Assignment: After locating the line with "#5=PRODUCT_RELATED_PRODUCT_CATEGORY('part','',(#4));" in the data that follows, return it and every later line exactly, up to and including the line with "#61=CARTESIAN_POINT('',(500.,106.883096131922,33.5));".

The data:
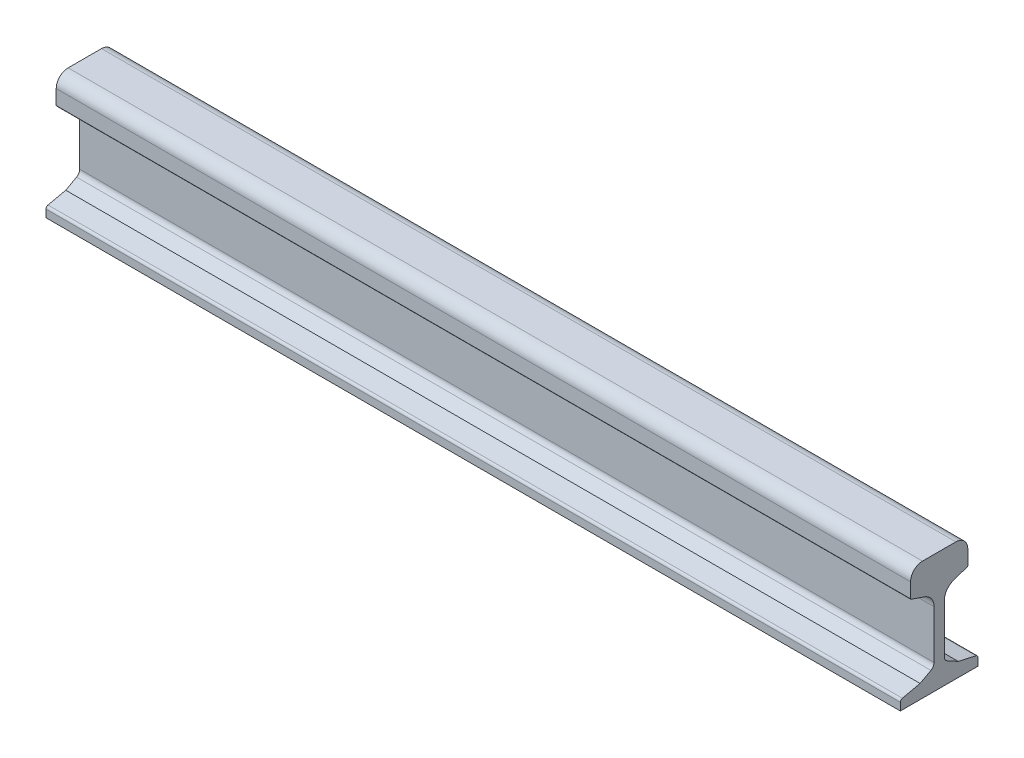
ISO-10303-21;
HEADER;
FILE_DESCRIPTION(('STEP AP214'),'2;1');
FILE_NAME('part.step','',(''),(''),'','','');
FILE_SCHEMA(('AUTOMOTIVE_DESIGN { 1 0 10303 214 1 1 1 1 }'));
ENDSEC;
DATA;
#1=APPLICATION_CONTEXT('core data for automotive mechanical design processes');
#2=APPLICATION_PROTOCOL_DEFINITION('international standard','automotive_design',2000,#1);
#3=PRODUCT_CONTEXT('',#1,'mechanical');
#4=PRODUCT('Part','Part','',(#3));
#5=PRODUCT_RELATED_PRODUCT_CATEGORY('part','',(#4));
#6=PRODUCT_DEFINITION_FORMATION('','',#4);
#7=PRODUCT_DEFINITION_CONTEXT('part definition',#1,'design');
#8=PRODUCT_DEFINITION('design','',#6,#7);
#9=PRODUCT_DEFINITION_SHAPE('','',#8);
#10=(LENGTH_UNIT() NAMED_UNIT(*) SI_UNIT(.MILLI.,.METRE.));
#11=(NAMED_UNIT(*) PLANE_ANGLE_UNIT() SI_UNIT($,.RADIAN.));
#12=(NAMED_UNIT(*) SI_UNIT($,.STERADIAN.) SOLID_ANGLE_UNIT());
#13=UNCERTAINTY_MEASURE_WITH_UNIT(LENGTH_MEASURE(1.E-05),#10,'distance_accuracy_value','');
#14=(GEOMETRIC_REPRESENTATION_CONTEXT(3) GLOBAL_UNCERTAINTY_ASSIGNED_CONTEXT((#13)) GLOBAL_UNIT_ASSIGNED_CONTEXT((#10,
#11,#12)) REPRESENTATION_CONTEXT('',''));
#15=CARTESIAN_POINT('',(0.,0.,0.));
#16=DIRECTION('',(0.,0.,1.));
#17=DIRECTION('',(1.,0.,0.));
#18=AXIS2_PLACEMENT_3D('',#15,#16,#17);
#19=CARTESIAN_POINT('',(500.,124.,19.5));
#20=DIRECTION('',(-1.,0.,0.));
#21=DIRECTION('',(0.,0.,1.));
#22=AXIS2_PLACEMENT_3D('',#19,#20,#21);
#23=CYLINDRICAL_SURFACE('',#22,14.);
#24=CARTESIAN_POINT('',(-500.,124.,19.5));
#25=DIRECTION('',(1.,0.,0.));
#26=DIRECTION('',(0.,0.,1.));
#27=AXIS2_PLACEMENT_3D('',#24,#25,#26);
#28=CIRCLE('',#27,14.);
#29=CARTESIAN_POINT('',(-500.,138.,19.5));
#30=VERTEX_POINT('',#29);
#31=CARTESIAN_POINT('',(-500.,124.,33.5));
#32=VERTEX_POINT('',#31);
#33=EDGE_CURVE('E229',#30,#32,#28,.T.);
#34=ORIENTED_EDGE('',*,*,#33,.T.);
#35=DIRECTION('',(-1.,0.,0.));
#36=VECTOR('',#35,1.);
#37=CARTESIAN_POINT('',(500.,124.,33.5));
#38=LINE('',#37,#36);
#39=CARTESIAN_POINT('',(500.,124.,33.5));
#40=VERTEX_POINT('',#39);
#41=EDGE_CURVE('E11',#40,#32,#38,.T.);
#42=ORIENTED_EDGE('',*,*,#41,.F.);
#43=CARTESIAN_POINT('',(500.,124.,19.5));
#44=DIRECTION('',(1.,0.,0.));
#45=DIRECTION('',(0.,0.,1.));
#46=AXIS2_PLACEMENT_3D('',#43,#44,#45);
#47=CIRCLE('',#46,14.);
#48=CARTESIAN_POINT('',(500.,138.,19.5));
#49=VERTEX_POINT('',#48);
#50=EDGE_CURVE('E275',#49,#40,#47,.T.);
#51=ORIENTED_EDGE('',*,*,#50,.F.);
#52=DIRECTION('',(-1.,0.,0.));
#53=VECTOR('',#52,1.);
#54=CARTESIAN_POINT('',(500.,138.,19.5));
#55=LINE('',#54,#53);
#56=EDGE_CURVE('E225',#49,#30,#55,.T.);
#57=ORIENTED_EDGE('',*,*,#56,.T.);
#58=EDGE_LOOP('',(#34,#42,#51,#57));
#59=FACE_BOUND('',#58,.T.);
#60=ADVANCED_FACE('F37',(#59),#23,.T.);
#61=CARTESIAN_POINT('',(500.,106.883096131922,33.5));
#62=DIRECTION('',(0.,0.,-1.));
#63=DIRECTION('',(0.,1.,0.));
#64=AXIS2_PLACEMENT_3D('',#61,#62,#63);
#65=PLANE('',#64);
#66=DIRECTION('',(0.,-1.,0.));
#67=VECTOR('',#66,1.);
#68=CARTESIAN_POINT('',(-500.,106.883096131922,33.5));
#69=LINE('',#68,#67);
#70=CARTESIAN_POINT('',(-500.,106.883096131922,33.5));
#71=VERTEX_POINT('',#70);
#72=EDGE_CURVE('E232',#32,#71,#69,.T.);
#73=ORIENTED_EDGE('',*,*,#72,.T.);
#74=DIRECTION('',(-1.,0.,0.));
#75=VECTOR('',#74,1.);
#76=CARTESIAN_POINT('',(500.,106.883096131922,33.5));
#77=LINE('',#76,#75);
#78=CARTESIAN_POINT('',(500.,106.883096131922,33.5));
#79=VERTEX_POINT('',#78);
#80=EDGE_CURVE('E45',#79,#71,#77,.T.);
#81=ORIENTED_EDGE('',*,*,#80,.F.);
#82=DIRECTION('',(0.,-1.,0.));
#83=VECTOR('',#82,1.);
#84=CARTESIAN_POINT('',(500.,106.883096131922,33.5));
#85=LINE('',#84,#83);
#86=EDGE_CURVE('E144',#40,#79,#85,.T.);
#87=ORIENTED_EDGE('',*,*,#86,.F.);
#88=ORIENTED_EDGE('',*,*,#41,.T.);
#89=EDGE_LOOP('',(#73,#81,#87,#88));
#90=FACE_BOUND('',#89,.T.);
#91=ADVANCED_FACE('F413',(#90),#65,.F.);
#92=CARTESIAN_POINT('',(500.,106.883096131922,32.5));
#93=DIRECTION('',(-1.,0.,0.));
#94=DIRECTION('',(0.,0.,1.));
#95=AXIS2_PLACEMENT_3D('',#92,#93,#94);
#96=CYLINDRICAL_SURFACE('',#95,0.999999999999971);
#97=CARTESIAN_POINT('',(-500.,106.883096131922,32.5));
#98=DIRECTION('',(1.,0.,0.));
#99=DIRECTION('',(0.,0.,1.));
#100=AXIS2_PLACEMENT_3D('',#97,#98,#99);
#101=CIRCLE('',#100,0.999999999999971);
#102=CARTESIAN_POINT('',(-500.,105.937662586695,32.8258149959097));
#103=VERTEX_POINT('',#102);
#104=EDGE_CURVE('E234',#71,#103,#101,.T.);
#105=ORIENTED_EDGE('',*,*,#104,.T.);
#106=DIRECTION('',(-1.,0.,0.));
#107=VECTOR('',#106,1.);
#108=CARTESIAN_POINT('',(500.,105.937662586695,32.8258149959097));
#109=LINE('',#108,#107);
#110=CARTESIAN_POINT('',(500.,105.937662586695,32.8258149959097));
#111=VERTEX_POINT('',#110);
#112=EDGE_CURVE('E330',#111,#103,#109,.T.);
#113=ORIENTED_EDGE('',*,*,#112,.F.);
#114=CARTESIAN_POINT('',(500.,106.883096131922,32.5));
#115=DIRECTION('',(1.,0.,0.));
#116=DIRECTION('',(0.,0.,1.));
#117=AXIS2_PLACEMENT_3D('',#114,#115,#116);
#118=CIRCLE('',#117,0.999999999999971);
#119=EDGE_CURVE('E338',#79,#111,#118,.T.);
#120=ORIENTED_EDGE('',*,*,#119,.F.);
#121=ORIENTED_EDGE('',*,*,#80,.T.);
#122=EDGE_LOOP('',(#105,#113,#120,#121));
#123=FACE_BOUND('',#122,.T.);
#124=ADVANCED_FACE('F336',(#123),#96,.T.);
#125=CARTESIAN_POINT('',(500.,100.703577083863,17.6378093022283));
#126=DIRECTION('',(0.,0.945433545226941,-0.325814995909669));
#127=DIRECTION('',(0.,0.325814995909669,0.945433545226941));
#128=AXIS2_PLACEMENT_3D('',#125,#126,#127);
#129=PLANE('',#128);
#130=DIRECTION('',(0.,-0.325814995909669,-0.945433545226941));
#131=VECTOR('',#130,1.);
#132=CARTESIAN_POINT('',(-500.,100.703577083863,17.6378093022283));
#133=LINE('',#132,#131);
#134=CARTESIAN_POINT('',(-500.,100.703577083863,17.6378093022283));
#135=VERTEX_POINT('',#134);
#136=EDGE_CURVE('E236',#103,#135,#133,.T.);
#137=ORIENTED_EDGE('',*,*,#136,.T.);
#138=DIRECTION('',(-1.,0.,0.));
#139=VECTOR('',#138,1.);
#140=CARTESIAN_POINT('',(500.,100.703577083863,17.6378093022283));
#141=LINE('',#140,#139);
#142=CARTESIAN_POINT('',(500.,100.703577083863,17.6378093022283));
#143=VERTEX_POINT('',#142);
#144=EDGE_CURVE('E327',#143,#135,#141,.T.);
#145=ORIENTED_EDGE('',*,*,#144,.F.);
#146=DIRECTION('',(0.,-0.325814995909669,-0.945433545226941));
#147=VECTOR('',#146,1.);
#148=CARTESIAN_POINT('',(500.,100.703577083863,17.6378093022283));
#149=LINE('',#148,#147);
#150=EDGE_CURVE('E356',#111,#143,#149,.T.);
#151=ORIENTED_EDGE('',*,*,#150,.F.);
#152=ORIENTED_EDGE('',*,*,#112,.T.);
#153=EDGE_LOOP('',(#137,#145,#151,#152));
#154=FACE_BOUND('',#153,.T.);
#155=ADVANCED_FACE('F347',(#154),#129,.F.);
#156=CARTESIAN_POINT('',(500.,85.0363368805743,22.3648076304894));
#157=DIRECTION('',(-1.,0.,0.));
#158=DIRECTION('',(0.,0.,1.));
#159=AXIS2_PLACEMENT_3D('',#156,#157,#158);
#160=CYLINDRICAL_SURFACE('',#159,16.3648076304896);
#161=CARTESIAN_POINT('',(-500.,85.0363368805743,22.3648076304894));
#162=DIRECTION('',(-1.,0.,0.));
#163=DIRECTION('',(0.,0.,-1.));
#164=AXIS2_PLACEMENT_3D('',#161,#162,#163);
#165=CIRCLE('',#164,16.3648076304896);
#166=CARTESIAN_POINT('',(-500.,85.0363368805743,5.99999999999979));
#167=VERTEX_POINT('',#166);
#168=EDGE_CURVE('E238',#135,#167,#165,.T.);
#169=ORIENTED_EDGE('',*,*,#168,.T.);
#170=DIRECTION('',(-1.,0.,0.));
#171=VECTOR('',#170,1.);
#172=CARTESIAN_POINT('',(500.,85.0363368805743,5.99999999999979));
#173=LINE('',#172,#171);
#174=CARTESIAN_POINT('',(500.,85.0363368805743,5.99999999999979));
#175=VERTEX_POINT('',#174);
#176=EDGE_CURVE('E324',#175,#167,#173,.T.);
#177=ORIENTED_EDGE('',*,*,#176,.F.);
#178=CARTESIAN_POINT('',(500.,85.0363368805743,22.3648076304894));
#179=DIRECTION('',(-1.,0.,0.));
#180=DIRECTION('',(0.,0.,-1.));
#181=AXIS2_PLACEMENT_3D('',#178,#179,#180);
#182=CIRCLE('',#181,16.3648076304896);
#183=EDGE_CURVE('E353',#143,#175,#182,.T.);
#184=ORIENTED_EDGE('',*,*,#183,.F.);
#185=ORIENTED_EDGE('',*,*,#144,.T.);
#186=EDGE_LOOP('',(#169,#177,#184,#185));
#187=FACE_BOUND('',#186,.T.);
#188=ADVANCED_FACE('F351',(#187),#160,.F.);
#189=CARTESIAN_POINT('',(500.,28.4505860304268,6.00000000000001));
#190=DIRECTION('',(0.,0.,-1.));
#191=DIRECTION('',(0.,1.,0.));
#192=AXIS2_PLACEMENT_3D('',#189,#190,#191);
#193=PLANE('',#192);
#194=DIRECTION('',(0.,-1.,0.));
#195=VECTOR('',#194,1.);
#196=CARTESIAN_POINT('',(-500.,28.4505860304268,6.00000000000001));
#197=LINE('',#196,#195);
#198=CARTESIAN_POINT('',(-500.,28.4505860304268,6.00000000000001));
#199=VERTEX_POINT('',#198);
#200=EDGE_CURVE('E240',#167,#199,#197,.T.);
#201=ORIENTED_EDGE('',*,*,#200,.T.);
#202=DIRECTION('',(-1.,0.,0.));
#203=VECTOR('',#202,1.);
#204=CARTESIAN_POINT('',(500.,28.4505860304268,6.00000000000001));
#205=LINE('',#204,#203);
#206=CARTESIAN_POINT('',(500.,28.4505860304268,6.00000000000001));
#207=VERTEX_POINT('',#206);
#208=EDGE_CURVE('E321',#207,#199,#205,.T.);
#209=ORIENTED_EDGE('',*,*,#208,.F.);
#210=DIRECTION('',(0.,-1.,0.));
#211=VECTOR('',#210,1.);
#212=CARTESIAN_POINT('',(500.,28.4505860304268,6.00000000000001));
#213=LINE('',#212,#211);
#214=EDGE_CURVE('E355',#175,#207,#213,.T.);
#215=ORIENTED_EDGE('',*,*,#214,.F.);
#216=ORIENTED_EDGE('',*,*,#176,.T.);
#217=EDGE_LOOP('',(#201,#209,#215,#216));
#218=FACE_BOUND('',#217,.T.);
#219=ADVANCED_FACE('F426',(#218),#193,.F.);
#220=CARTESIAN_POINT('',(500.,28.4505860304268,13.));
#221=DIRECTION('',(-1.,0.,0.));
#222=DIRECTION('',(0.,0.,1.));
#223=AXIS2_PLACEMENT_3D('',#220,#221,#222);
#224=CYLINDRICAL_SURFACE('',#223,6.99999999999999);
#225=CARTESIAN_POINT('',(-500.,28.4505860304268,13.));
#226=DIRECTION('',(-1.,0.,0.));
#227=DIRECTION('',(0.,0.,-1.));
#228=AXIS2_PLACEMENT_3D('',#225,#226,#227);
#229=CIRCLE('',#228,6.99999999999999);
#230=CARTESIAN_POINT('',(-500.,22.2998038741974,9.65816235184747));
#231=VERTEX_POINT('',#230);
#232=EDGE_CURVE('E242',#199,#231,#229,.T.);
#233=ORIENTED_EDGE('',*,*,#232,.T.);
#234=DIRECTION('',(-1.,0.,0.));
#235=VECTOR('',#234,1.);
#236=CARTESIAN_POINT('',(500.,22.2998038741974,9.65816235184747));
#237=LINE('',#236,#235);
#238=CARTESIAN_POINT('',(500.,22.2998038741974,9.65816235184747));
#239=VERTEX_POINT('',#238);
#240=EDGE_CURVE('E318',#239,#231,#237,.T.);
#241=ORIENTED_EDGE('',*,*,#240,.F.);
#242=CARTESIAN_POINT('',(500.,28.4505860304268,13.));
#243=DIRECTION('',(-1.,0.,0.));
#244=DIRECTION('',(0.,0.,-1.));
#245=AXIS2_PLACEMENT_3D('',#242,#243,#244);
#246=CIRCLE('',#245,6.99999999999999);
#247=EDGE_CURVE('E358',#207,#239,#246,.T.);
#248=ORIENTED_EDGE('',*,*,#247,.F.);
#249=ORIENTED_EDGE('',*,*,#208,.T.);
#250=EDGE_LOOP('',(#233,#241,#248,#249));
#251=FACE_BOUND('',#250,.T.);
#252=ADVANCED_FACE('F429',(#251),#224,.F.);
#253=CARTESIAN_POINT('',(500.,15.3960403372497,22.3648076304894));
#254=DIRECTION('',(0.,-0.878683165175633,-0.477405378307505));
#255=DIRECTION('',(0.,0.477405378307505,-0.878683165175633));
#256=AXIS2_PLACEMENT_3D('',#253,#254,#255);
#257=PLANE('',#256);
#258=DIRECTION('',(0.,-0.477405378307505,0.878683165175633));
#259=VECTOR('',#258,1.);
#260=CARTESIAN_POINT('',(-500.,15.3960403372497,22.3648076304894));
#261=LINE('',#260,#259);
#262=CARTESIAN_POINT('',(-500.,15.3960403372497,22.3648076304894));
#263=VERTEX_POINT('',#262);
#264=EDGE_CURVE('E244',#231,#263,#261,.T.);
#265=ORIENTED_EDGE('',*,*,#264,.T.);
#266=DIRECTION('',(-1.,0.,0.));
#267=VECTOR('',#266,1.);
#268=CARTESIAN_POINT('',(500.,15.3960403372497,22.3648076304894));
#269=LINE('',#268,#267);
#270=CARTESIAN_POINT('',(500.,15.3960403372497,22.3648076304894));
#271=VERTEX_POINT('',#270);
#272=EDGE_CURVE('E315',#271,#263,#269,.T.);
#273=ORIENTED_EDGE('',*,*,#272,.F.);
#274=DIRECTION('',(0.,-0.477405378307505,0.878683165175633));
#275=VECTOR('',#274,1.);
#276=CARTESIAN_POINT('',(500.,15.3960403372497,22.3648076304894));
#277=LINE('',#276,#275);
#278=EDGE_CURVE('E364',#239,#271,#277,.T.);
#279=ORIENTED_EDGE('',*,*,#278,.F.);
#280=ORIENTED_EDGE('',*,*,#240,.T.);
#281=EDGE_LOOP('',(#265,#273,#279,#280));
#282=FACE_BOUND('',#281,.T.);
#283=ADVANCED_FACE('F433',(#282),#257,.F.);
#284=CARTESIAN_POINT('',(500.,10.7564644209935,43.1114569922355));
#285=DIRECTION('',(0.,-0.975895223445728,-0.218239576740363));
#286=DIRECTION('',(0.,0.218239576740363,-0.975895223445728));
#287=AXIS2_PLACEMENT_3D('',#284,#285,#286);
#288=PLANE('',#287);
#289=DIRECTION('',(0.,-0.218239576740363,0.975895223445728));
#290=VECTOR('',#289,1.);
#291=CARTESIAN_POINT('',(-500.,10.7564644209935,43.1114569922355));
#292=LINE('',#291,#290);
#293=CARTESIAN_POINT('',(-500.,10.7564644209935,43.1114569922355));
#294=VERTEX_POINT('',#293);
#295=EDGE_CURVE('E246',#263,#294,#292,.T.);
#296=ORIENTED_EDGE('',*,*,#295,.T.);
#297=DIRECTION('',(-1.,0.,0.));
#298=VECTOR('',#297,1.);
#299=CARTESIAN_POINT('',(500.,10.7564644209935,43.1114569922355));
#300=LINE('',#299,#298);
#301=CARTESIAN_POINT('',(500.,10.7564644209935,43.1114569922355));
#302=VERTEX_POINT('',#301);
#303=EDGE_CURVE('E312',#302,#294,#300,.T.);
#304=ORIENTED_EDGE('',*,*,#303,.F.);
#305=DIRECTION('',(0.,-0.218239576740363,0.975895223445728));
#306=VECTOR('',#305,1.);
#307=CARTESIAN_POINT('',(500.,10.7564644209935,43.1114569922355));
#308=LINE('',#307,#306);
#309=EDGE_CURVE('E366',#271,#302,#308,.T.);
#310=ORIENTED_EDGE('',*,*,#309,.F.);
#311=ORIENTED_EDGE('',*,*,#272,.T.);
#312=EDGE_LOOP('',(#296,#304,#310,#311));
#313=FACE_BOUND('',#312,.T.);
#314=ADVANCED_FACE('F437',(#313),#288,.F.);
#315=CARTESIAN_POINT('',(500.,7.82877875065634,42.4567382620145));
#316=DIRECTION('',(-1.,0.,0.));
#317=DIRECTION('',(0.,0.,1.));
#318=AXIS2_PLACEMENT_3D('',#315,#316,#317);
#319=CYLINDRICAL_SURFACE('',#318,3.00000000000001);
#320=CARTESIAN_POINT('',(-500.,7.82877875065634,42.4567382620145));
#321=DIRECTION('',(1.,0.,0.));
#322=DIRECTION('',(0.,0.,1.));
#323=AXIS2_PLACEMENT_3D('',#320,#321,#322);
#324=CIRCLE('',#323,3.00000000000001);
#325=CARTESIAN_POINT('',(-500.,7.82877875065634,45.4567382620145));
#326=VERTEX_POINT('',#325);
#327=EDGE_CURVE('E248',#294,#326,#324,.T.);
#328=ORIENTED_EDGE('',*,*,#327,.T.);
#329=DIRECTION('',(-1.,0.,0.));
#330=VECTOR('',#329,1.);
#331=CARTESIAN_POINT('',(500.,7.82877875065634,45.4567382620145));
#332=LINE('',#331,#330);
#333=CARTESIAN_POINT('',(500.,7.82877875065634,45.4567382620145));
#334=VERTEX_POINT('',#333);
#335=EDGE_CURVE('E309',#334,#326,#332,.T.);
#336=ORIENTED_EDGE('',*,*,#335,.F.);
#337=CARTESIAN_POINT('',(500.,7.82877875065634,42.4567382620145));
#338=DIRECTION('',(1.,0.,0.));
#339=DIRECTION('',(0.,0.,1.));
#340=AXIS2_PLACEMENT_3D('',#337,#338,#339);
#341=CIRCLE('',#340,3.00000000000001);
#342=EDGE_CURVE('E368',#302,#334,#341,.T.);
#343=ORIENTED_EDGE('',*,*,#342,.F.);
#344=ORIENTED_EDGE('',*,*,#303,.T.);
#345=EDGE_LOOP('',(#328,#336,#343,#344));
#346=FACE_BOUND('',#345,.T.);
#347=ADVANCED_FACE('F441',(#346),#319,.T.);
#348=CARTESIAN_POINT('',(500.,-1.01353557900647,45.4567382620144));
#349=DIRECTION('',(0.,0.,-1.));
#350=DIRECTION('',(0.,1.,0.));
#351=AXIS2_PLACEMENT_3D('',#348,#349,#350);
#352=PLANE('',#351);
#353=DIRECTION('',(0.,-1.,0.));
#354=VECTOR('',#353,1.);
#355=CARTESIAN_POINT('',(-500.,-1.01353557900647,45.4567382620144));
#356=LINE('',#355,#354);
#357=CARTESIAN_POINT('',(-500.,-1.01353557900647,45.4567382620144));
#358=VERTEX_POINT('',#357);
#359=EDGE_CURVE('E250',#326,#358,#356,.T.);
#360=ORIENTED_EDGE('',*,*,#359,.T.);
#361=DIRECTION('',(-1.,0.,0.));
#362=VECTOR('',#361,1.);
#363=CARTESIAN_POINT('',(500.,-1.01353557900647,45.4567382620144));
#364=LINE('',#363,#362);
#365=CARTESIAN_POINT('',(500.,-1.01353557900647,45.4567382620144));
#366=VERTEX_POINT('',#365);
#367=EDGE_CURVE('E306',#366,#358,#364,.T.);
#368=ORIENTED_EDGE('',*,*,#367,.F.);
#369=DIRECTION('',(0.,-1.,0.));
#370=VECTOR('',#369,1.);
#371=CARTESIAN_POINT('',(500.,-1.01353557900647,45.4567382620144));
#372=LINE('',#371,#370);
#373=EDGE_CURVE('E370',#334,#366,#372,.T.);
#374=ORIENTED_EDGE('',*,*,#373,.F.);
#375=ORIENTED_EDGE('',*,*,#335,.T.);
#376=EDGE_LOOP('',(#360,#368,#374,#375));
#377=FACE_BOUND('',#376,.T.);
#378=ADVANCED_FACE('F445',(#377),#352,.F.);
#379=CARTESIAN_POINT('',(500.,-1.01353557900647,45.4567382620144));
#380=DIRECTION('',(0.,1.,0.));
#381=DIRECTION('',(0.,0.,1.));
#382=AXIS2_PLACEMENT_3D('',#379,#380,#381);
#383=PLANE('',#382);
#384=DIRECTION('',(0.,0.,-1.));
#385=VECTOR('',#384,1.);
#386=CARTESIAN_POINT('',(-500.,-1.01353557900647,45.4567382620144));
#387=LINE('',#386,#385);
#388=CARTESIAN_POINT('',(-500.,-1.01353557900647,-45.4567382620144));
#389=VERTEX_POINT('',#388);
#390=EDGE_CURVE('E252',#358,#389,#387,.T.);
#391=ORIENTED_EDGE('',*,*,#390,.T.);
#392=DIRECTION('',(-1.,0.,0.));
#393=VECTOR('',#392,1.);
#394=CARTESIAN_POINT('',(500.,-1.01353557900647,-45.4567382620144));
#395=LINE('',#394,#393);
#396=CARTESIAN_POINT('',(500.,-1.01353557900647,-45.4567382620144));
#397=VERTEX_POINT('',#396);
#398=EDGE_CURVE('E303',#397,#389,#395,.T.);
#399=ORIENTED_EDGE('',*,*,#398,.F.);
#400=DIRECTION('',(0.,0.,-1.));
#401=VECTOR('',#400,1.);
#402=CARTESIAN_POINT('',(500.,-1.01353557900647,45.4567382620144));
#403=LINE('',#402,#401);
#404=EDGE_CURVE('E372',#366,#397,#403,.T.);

Written reply:
#5=PRODUCT_RELATED_PRODUCT_CATEGORY('part','',(#4));
#6=PRODUCT_DEFINITION_FORMATION('','',#4);
#7=PRODUCT_DEFINITION_CONTEXT('part definition',#1,'design');
#8=PRODUCT_DEFINITION('design','',#6,#7);
#9=PRODUCT_DEFINITION_SHAPE('','',#8);
#10=(LENGTH_UNIT() NAMED_UNIT(*) SI_UNIT(.MILLI.,.METRE.));
#11=(NAMED_UNIT(*) PLANE_ANGLE_UNIT() SI_UNIT($,.RADIAN.));
#12=(NAMED_UNIT(*) SI_UNIT($,.STERADIAN.) SOLID_ANGLE_UNIT());
#13=UNCERTAINTY_MEASURE_WITH_UNIT(LENGTH_MEASURE(1.E-05),#10,'distance_accuracy_value','');
#14=(GEOMETRIC_REPRESENTATION_CONTEXT(3) GLOBAL_UNCERTAINTY_ASSIGNED_CONTEXT((#13)) GLOBAL_UNIT_ASSIGNED_CONTEXT((#10,
#11,#12)) REPRESENTATION_CONTEXT('',''));
#15=CARTESIAN_POINT('',(0.,0.,0.));
#16=DIRECTION('',(0.,0.,1.));
#17=DIRECTION('',(1.,0.,0.));
#18=AXIS2_PLACEMENT_3D('',#15,#16,#17);
#19=CARTESIAN_POINT('',(500.,124.,19.5));
#20=DIRECTION('',(-1.,0.,0.));
#21=DIRECTION('',(0.,0.,1.));
#22=AXIS2_PLACEMENT_3D('',#19,#20,#21);
#23=CYLINDRICAL_SURFACE('',#22,14.);
#24=CARTESIAN_POINT('',(-500.,124.,19.5));
#25=DIRECTION('',(1.,0.,0.));
#26=DIRECTION('',(0.,0.,1.));
#27=AXIS2_PLACEMENT_3D('',#24,#25,#26);
#28=CIRCLE('',#27,14.);
#29=CARTESIAN_POINT('',(-500.,138.,19.5));
#30=VERTEX_POINT('',#29);
#31=CARTESIAN_POINT('',(-500.,124.,33.5));
#32=VERTEX_POINT('',#31);
#33=EDGE_CURVE('E229',#30,#32,#28,.T.);
#34=ORIENTED_EDGE('',*,*,#33,.T.);
#35=DIRECTION('',(-1.,0.,0.));
#36=VECTOR('',#35,1.);
#37=CARTESIAN_POINT('',(500.,124.,33.5));
#38=LINE('',#37,#36);
#39=CARTESIAN_POINT('',(500.,124.,33.5));
#40=VERTEX_POINT('',#39);
#41=EDGE_CURVE('E11',#40,#32,#38,.T.);
#42=ORIENTED_EDGE('',*,*,#41,.F.);
#43=CARTESIAN_POINT('',(500.,124.,19.5));
#44=DIRECTION('',(1.,0.,0.));
#45=DIRECTION('',(0.,0.,1.));
#46=AXIS2_PLACEMENT_3D('',#43,#44,#45);
#47=CIRCLE('',#46,14.);
#48=CARTESIAN_POINT('',(500.,138.,19.5));
#49=VERTEX_POINT('',#48);
#50=EDGE_CURVE('E275',#49,#40,#47,.T.);
#51=ORIENTED_EDGE('',*,*,#50,.F.);
#52=DIRECTION('',(-1.,0.,0.));
#53=VECTOR('',#52,1.);
#54=CARTESIAN_POINT('',(500.,138.,19.5));
#55=LINE('',#54,#53);
#56=EDGE_CURVE('E225',#49,#30,#55,.T.);
#57=ORIENTED_EDGE('',*,*,#56,.T.);
#58=EDGE_LOOP('',(#34,#42,#51,#57));
#59=FACE_BOUND('',#58,.T.);
#60=ADVANCED_FACE('F37',(#59),#23,.T.);
#61=CARTESIAN_POINT('',(500.,106.883096131922,33.5));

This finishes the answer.